» **Supplied data**:
==================================================

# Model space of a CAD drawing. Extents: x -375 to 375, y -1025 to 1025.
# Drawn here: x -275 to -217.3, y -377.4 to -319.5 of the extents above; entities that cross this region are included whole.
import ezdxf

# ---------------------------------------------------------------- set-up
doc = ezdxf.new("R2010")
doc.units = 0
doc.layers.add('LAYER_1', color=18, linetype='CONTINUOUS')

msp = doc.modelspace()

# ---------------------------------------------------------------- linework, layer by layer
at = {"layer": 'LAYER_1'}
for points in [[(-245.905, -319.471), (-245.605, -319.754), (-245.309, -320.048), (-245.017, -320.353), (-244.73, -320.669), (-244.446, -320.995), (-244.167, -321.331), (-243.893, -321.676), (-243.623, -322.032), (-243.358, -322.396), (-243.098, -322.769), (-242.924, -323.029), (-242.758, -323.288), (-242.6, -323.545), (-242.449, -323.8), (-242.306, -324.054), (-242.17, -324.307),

==================================================

» **Task instructions**:
Only the lines from the one with "layer by layer" through the end of the data should be printed, each exactly as it appears.

» **Solution for this exercise**:
# ---------------------------------------------------------------- linework, layer by layer
at = {"layer": 'LAYER_1'}
for points in [[(-245.905, -319.471), (-245.605, -319.754), (-245.309, -320.048), (-245.017, -320.353), (-244.73, -320.669), (-244.446, -320.995), (-244.167, -321.331), (-243.893, -321.676), (-243.623, -322.032), (-243.358, -322.396), (-243.098, -322.769), (-242.924, -323.029), (-242.758, -323.288), (-242.6, -323.545), (-242.449, -323.8), (-242.306, -324.054), (-242.17, -324.307),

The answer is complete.